Bone formation was assessed with serum bone-specific alkaline phosphatase (BAP) and osteocalcin (OC), and bone resorption with urinary calcium and deoxypyridinoline (DPD). Biochemical, strength, anthropometric, dietary, and physical activity data were obtained from 24 healthy, untrained, eumenorrheic women (18-29 y) at baseline, after eight weeks of resistance training (3 d.wk(-1), approximately 1 hr.d(-1); 3 sets, 6-10 repetitions, 13 exercises, 75-85% maximum voluntary contraction), and after 12 weeks of resistance training and 10 days of protein/placebo supplementation. Subjects were randomized (double-blind) to either a high protein (HP) or training control (TC) group and, during the final 10 days, consumed either enough purified whey protein to bring daily protein intake to 2.4 g.kg(-1).d(-1), or an equivalent dose of isoenergetic, carbohydrate placebo.
Strength, lean tissue mass, and DPD increased significantly in both groups over time, while percent body fat and BAP decreased (repeated measures ANOVA, p < or = 0.05, Bonferroni correction). No significant changes were observed for serum OC or urinary calcium, and no significant group (TC, HP) x time (baseline, week 8, week 12) interactions emerged for any of the biochemical measures.
(1) Twelve weeks of high-intensity resistance training did not appear to enhance bone formation or inhibit bone resorption in young adult women, as assessed by biochemical markers of bone metabolism. (2) Subsequent maintenance of a high protein intake for 10 days in these regularly-training, calcium-replete women also showed no effects on bone metabolism.

Mullins NM, Sinning WE
Nutr Metab (Lond) Aug 2005
PMID: 16098231 | Free Full Text

The results are surprising. The full study is available using the link above. The authors note that these women were taking calcium supplements.

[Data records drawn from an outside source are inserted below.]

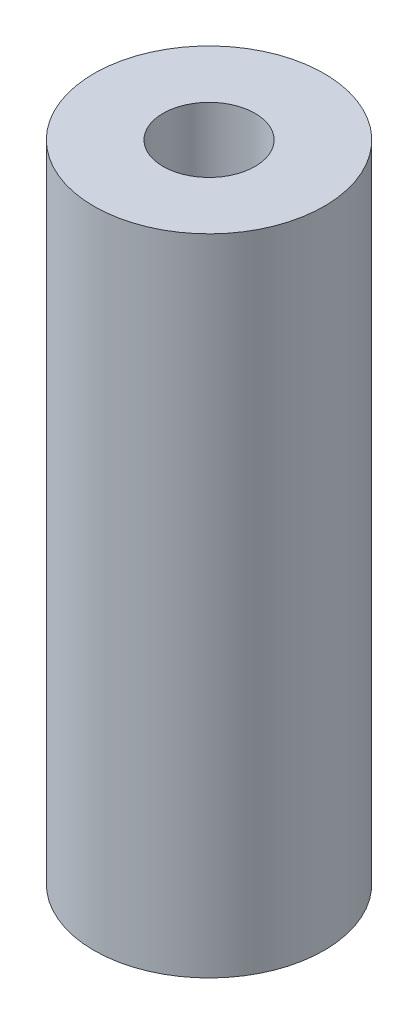
SolidWorks part; units mm, degrees
material "6061-T6 (SS)"
ref_plane "Front Plane" through (0, 0, 0) normal (0, 0, 1) x (1, 0, 0)
ref_plane "Top Plane" through (0, 0, 0) normal (0, 1, 0) x (1, 0, 0)
ref_plane "Right Plane" through (0, 0, 0) normal (1, 0, 0) x (0, 0, -1)
sketch "Sketch1" plane through (0, 0, 0) normal (0, 1, 0) x (1, 0, 0)
  circle A0 centre (0, 0) radius 2.5
  circle A1 centre (0, 0) radius 1
  dimension "D1" = 5
extrude "Boss-Extrude1" add sketch "Sketch1" along normal blind 14
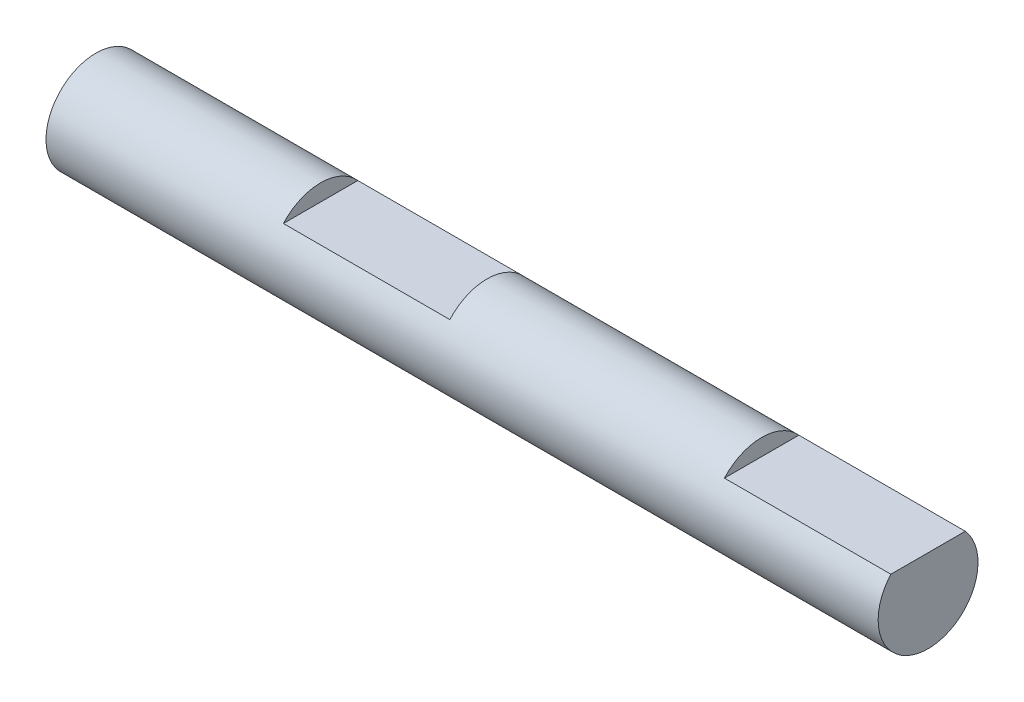
SolidWorks part; units mm, degrees
material "1.0037 (S235JR)"
ref_plane "Vorne" through (0, 0, 0) normal (0, 0, 1) x (1, 0, 0)
ref_plane "Oben" through (0, 0, 0) normal (0, 1, 0) x (1, 0, 0)
ref_plane "Rechts" through (0, 0, 0) normal (1, 0, 0) x (0, 0, -1)
sketch "Skizze1" plane through (0, 0, 0) normal (0, 0, 1) x (1, 0, 0)
  line L0 (0, 0) -> (61.515, 0) construction
  line L2 (0, 0) -> (50, 0)
  line L3 (0, 0) -> (0, 3)
  line L4 (0, 3) -> (50, 3)
  line L5 (50, 0) -> (50, 3)
  dimension "D1" = 50
  dimension "D2" = 6
revolve "Rotation1" add sketch "Skizze1" angle 360 about L0
sketch "Skizze2" plane through (0, 0, 0) normal (0, 0, 1) x (1, 0, 0)
  line L0 (50, -3) -> (50, 3) construction
  line L1 (13.5, 4) -> (23.5, 4)
  line L2 (13.5, 4) -> (13.5, 2)
  line L3 (13.5, 2) -> (23.5, 2)
  line L4 (23.5, 4) -> (23.5, 2)
  line L5 (40, 4) -> (50, 4)
  line L6 (40, 4) -> (40, 2)
  line L7 (40, 2) -> (50, 2)
  line L8 (50, 4) -> (50, 2)
  line L9 (0, -3) -> (50, -3) construction
  dimension "D1" = 2
  dimension "D2" = 13.5
  dimension "D3" = 10
  dimension "D4" = 2
  dimension "D5" = 5
  dimension "D6" = 10
  dimension "D7" = 2
extrude "Schnitt-Linear austragen1" cut sketch "Skizze2" against normal through all and the other way through all
move or copy body "Körper-Verschieben/Kopieren1" [suppressed] bodies to move or copy 104
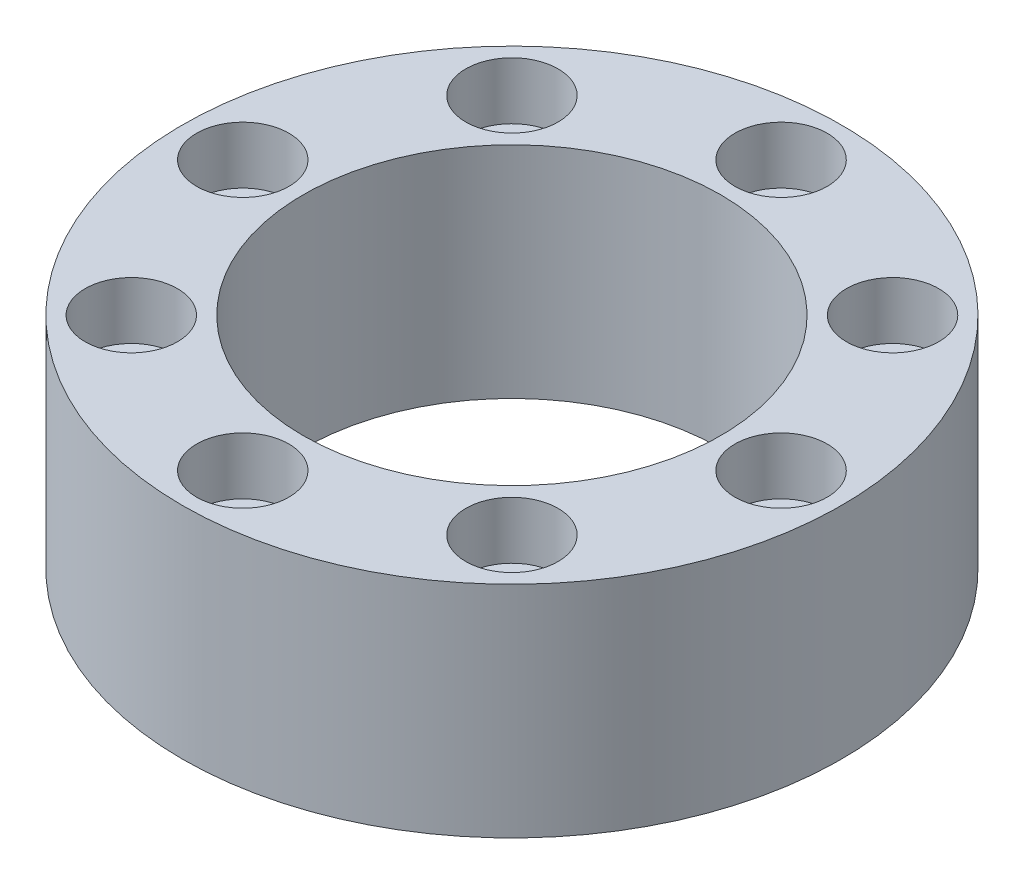
SolidWorks part; units mm, degrees
material "PVC rigide"
ref_plane "Plan de face" through (0, 0, 0) normal (0, 0, 1) x (1, 0, 0)
ref_plane "Plan de dessus" through (0, 0, 0) normal (0, 1, 0) x (1, 0, 0)
ref_plane "Plan de droite" through (0, 0, 0) normal (1, 0, 0) x (0, 0, -1)
sketch "Esquisse1" plane through (0, 0, 0) normal (0, 1, 0) x (1, 0, 0)
  circle A0 centre (0, 0) radius 19
  circle A1 centre (0, 0) radius 30
  dimension "D1" = 60
  dimension "D2" = 38
extrude "Boss.-Extru.2" add sketch "Esquisse1" along normal blind 20
sketch "Esquisse5" plane through (0, 20, 0) normal (0, 1, 0) x (1, 0, 0)
  line L0 (0, 0) -> (30, 0) construction
  circle A0 centre (0, 0) radius 30 construction
  circle A1 centre (0, 0) radius 24.5 construction
  circle A2 centre (24.5, 0) radius 2.55
  circle A3 centre (17.3241, -17.3241) radius 2.55
  circle A4 centre (0, -24.5) radius 2.55
  circle A5 centre (-17.3241, -17.3241) radius 2.55
  circle A6 centre (-24.5, 0) radius 2.55
  circle A7 centre (-17.3241, 17.3241) radius 2.55
  circle A8 centre (0, 24.5) radius 2.55
  circle A9 centre (17.3241, 17.3241) radius 2.55
  dimension "D1" = 49
  dimension "D2" = 5.1
  dimension "D3" = 8
extrude "Enlèv. mat.-Extru.3" cut sketch "Esquisse5" against normal through all
sketch "Esquisse6" plane through (0, 20, 0) normal (0, 1, 0) x (1, 0, 0)
  circle A0 centre (24.5, 0) radius 4.2
  circle A1 centre (0, 0) radius 24.5 construction
  circle A2 centre (17.3241, 17.3241) radius 4.2
  circle A3 centre (0, 24.5) radius 4.2
  circle A4 centre (-17.3241, 17.3241) radius 4.2
  circle A5 centre (-24.5, 0) radius 4.2
  circle A6 centre (-17.3241, -17.3241) radius 4.2
  circle A7 centre (0, -24.5) radius 4.2
  circle A8 centre (17.3241, -17.3241) radius 4.2
  dimension "D1" = 8.4
  dimension "D2" = 8
extrude "Enlèv. mat.-Extru.4" cut sketch "Esquisse6" against normal blind 5.2

…to exclude the potential effects of calcium deficiency, each subject was given a supply of calcium supplements … to begin consuming for the duration of the study. Each was instructed to carry the calcium tablets in her purse or backpack, and was regularly reminded to consume one 500-mg tablet, twice per day.

There may not have been much more bone enhancement to gain.

…the subjects were healthy, eumenorrheic, calcium-replete women, regularly participating in high-intensity exercise.

They measured alkaline phosphatase, serum osteocalcin, urinary calcium. and urinary deoxypyridinoline.

It is possible that other biomarkers may have produced different results, and that, given a longer time frame, bone densitometry could detect osteogenic effects.